TASK INSTRUCTIONS ->
Read through the lines below for the string "part" and copy each one that has it.

BEGIN RAW DATA

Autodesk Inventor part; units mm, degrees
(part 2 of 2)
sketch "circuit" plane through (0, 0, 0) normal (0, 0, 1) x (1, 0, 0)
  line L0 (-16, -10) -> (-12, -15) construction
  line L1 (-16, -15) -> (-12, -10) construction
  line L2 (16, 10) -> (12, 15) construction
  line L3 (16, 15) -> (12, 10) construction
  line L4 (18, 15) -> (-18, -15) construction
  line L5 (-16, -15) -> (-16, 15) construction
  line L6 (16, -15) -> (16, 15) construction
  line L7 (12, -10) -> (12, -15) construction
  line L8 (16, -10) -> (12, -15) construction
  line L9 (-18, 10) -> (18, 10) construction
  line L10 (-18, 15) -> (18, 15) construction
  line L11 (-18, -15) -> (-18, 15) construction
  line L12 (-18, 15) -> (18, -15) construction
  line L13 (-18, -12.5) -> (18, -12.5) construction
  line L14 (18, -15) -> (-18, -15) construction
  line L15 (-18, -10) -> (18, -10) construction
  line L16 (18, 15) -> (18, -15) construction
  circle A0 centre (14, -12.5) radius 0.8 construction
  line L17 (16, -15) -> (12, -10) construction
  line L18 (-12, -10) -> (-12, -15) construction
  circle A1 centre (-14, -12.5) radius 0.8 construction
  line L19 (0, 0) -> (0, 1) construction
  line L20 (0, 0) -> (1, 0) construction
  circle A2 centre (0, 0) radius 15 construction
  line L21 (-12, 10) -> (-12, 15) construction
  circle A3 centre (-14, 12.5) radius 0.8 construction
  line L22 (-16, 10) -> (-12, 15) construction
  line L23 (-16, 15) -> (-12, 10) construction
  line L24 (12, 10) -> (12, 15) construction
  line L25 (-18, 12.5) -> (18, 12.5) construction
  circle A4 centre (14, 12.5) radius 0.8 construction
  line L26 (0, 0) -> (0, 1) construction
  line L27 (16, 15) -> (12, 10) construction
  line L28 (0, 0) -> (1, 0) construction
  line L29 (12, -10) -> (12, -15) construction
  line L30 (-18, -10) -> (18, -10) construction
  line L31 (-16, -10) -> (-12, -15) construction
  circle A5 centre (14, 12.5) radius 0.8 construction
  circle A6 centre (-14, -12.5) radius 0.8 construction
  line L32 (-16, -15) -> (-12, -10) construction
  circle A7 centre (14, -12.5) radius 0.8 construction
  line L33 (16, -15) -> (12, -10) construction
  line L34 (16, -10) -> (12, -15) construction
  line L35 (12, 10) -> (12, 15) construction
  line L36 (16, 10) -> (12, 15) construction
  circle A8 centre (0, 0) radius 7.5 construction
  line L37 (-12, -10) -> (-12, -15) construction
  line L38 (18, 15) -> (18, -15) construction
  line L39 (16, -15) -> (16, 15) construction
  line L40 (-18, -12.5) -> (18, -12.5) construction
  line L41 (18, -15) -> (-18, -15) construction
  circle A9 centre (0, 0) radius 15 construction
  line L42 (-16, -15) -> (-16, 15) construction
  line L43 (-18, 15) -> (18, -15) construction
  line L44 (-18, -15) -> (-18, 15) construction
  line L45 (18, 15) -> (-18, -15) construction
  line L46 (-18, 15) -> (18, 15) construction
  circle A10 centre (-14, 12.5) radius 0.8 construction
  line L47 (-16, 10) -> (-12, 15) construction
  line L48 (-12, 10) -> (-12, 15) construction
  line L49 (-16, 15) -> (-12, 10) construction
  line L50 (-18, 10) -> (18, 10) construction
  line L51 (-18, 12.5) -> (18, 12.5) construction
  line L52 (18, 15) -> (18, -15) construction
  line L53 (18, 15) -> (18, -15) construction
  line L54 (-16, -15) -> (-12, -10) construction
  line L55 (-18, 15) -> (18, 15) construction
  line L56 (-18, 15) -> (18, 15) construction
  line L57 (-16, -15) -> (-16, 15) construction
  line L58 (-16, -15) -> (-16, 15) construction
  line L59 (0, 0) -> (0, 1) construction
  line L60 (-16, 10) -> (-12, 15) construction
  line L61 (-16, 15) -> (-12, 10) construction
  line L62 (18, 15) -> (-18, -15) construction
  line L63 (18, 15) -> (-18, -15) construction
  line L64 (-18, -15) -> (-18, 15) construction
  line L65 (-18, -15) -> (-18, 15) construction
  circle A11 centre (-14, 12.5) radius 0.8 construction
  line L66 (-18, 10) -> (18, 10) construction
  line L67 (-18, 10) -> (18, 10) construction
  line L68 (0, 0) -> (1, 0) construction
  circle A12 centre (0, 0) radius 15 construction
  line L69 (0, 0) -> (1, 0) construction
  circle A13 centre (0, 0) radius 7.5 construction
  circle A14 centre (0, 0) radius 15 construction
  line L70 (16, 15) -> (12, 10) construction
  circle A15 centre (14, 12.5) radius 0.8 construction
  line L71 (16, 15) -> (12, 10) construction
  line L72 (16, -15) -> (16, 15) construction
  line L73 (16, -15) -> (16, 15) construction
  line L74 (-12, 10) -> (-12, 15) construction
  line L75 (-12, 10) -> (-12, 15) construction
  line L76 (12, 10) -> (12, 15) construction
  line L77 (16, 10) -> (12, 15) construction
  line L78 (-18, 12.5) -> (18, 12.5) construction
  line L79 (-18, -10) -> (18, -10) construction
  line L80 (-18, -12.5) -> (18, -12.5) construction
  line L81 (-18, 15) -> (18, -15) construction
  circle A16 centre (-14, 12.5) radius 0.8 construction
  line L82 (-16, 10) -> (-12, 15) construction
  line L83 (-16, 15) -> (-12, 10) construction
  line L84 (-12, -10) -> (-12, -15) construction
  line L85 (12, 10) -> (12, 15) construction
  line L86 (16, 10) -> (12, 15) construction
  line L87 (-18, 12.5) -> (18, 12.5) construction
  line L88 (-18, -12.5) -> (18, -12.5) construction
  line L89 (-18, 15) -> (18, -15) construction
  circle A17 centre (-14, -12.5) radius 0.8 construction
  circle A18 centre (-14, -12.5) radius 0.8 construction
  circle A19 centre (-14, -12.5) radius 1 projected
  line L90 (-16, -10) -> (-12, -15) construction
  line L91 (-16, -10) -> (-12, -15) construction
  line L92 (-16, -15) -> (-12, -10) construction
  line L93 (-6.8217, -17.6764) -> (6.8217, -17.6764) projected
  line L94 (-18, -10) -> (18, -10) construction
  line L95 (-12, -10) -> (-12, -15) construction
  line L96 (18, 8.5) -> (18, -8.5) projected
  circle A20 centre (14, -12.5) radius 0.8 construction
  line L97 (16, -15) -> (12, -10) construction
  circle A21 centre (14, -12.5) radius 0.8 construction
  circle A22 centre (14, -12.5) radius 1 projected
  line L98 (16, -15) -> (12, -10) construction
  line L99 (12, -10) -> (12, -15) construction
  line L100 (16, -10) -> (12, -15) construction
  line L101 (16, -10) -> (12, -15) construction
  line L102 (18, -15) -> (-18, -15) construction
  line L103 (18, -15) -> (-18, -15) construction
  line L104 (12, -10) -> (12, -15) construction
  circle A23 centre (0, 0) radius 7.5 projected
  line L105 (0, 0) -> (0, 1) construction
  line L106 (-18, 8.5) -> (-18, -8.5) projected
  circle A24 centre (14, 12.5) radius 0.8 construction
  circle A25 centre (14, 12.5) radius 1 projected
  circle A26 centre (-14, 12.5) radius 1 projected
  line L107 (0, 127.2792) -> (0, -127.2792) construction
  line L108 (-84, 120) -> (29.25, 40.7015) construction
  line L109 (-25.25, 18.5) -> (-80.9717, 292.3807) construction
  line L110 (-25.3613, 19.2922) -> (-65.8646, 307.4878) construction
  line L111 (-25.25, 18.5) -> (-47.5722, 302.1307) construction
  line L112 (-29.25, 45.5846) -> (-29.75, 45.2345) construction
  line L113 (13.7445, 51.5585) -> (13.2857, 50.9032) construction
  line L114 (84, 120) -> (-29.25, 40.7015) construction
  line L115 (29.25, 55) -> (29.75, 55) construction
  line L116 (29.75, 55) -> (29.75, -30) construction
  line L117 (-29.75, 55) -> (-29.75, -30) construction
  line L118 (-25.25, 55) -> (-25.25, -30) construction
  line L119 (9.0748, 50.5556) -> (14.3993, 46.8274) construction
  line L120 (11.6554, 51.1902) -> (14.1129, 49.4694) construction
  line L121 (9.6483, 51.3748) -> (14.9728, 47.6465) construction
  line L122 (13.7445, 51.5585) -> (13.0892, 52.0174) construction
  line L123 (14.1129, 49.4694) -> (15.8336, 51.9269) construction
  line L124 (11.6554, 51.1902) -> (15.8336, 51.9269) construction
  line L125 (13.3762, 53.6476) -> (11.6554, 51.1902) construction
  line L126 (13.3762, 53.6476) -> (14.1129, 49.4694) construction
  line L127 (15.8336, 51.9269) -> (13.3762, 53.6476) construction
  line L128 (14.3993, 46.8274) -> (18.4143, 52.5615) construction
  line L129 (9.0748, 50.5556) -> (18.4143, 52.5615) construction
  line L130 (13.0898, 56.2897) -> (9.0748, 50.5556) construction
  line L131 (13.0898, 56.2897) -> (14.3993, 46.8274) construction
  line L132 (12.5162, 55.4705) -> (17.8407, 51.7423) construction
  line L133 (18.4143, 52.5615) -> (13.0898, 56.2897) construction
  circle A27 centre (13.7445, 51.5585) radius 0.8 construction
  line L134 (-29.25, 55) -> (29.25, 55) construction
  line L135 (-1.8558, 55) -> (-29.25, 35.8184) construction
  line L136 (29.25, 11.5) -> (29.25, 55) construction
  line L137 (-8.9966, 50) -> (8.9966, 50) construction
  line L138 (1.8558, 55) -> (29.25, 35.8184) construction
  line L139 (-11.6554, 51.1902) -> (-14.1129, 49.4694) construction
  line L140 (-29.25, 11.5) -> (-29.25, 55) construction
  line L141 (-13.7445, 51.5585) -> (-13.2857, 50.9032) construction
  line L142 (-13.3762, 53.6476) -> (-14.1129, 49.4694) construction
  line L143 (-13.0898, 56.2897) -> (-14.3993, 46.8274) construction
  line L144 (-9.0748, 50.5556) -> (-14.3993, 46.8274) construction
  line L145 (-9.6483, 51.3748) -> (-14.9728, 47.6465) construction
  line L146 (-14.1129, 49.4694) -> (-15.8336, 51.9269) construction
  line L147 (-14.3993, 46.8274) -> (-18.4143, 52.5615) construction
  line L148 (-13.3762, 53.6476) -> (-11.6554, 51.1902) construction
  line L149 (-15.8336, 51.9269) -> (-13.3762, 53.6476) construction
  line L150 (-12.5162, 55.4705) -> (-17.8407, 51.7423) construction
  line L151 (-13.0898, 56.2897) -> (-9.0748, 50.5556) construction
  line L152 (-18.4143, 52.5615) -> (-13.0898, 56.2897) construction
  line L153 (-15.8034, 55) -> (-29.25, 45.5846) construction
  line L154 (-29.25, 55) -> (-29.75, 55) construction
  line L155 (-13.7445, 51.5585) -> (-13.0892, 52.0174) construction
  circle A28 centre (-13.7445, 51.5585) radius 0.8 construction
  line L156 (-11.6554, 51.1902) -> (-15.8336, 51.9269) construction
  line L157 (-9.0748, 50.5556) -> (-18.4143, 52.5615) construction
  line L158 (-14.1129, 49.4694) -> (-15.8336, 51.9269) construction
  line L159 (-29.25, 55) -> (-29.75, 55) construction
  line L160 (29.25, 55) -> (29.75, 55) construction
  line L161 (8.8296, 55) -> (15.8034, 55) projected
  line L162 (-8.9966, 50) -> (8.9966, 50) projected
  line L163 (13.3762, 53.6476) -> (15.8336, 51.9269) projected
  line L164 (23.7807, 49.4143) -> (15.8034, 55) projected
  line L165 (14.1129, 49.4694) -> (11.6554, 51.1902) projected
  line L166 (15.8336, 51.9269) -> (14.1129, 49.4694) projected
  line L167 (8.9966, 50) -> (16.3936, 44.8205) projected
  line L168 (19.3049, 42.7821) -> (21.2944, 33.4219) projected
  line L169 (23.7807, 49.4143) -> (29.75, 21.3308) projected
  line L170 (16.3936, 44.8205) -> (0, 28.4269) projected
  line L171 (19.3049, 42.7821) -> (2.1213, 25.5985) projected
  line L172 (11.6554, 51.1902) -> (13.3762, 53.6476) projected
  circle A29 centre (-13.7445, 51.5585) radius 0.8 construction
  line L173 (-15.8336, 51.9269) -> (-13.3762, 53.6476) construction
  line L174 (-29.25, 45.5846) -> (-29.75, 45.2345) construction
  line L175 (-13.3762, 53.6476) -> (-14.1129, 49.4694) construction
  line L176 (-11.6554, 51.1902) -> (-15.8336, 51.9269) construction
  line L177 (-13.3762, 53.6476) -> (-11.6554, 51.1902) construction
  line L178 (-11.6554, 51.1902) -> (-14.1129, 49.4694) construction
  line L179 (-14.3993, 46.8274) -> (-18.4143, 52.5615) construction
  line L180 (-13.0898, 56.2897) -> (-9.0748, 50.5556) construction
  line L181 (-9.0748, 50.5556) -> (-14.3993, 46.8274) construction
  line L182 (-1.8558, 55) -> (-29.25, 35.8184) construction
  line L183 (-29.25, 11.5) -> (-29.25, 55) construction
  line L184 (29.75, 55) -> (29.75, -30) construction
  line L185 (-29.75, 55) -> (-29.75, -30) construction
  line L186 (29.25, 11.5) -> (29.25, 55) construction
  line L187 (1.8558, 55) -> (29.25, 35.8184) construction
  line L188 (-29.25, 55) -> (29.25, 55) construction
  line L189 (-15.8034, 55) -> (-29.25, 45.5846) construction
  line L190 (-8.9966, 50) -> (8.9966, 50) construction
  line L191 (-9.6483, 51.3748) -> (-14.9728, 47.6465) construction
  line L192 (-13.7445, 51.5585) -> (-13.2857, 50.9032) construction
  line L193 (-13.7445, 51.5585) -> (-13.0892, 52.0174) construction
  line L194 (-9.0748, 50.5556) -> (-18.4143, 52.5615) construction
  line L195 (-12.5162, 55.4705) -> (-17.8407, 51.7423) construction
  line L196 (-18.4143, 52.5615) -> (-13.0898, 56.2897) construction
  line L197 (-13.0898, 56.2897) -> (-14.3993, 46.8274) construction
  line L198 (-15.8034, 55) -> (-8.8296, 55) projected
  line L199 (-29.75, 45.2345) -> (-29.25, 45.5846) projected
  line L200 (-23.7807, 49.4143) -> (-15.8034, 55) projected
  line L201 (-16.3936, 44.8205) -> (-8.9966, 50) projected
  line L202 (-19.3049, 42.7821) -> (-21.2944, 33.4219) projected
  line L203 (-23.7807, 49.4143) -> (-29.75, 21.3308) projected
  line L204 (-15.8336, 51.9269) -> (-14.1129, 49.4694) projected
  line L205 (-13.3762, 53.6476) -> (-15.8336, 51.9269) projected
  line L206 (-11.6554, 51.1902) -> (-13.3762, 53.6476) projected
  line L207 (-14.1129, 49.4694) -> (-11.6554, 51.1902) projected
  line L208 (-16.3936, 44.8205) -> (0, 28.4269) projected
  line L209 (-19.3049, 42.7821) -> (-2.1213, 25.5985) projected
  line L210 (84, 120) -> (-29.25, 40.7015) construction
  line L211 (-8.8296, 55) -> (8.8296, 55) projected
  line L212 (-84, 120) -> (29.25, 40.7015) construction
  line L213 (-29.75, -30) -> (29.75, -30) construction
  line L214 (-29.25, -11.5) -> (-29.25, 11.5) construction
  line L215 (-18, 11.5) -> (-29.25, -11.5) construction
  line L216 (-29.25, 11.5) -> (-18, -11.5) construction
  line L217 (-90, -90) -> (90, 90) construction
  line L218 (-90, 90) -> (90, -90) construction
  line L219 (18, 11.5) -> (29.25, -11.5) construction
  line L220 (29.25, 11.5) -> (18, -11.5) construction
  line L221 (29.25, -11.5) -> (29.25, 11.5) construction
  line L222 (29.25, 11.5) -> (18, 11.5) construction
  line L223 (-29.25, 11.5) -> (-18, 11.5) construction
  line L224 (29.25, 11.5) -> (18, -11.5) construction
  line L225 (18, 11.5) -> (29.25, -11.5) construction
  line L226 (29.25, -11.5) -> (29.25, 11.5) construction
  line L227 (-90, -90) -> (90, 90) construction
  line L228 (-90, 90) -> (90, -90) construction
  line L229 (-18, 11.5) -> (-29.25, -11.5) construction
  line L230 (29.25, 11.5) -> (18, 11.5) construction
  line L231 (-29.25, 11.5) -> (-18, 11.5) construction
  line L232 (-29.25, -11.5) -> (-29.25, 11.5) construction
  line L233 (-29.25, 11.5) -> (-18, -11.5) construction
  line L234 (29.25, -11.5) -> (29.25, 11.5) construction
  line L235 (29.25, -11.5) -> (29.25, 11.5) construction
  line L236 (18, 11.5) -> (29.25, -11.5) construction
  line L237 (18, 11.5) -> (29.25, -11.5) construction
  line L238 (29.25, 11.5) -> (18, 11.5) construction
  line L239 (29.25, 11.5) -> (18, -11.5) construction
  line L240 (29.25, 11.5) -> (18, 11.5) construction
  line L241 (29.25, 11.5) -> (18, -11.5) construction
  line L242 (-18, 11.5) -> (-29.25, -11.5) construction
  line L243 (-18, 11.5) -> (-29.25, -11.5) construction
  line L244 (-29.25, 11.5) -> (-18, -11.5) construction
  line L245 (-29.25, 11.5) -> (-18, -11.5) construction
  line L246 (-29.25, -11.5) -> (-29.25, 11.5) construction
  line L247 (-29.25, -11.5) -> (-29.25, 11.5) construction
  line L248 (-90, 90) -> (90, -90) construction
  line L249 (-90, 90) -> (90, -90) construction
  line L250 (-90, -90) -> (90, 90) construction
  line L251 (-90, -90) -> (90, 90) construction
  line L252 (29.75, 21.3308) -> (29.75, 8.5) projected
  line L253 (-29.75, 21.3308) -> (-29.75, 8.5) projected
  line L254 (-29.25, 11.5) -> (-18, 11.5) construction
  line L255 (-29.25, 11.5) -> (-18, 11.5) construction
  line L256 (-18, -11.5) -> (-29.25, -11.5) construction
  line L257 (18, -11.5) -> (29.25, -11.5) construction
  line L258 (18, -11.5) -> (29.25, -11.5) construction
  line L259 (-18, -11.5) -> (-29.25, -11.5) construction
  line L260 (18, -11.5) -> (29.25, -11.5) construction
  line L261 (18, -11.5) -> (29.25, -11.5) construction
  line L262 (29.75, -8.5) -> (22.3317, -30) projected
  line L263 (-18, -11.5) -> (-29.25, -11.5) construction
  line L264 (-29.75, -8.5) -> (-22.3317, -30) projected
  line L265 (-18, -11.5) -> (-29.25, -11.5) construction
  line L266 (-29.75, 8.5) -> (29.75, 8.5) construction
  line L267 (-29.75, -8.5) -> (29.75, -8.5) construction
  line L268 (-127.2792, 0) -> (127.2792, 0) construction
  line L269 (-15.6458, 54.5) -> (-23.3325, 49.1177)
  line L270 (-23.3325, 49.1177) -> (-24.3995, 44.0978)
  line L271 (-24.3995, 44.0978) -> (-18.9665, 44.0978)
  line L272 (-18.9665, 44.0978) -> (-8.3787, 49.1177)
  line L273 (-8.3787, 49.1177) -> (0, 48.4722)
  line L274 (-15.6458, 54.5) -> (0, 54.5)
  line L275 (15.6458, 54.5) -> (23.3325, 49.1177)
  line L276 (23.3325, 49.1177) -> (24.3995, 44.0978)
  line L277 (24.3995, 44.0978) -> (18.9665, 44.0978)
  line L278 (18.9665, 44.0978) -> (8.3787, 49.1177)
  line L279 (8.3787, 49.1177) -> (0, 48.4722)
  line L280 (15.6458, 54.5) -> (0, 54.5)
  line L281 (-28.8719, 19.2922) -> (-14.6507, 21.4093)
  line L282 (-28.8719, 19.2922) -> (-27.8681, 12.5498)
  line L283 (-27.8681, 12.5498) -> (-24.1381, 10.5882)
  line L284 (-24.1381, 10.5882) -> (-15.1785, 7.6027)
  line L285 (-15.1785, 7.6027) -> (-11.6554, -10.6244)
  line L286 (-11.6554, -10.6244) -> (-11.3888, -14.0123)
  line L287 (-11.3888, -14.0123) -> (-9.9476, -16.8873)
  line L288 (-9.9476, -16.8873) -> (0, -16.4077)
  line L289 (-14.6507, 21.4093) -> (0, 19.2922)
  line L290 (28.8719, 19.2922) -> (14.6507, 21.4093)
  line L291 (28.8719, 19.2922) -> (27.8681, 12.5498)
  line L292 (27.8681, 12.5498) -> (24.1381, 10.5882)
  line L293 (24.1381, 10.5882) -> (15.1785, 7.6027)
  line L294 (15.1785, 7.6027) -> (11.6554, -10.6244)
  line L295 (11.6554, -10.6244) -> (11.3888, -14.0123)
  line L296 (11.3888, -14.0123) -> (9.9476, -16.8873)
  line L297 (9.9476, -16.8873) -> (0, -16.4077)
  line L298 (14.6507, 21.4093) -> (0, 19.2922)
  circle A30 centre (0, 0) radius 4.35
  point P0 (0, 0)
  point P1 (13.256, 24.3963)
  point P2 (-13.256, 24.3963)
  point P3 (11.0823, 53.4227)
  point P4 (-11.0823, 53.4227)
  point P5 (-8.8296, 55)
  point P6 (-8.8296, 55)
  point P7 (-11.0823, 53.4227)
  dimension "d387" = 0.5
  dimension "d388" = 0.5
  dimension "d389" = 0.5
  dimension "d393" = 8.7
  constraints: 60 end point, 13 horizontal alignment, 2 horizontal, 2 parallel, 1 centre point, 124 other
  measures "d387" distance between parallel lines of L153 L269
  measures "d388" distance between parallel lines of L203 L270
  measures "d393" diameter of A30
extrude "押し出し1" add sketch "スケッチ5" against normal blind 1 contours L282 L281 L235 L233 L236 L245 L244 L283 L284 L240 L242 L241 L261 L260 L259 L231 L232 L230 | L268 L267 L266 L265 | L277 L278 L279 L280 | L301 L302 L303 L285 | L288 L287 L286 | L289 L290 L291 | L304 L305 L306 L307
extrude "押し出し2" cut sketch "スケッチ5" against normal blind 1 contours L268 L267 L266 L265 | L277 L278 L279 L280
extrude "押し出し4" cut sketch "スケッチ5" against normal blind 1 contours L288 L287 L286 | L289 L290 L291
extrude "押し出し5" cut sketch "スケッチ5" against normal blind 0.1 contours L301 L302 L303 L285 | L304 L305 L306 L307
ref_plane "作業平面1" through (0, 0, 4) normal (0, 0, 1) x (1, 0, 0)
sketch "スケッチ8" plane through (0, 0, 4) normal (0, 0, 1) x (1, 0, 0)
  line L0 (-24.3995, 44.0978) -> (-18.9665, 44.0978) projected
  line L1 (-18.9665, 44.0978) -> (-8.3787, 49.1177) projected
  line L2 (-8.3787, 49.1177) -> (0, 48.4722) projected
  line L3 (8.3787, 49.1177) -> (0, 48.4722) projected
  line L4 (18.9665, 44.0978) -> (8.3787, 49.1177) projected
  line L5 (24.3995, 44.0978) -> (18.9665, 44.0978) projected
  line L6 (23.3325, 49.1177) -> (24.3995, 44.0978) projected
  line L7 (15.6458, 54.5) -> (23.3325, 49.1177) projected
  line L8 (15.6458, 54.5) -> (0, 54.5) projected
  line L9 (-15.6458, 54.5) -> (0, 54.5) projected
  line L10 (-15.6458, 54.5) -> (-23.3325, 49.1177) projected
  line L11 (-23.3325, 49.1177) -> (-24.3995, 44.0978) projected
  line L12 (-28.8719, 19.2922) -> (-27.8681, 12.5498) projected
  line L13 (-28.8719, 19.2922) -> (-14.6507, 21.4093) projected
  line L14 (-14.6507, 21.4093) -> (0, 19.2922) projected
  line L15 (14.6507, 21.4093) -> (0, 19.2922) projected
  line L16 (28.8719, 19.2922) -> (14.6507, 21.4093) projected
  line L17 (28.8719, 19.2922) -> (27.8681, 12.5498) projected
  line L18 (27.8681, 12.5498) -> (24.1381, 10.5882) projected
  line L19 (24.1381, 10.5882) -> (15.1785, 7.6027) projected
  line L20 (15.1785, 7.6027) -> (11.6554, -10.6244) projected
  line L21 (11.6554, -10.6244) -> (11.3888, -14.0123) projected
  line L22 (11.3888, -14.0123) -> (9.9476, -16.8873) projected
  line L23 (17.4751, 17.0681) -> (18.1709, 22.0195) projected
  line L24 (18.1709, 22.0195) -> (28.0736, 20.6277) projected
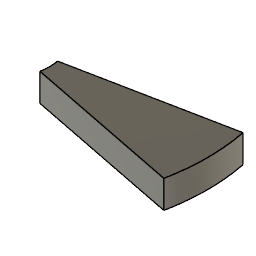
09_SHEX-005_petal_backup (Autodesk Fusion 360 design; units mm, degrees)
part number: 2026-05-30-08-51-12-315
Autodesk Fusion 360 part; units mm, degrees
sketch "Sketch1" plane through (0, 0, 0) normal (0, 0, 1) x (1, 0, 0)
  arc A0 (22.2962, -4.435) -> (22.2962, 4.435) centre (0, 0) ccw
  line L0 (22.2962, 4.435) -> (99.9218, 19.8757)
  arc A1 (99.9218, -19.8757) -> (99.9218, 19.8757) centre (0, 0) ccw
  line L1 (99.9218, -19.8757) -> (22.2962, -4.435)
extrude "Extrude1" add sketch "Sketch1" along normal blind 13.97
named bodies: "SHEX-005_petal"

END RAW DATA

YOUR RESPONSE ->
Autodesk Inventor part; units mm, degrees
(part 2 of 2)
part number: 2026-05-30-08-51-12-315
Autodesk Fusion 360 part; units mm, degrees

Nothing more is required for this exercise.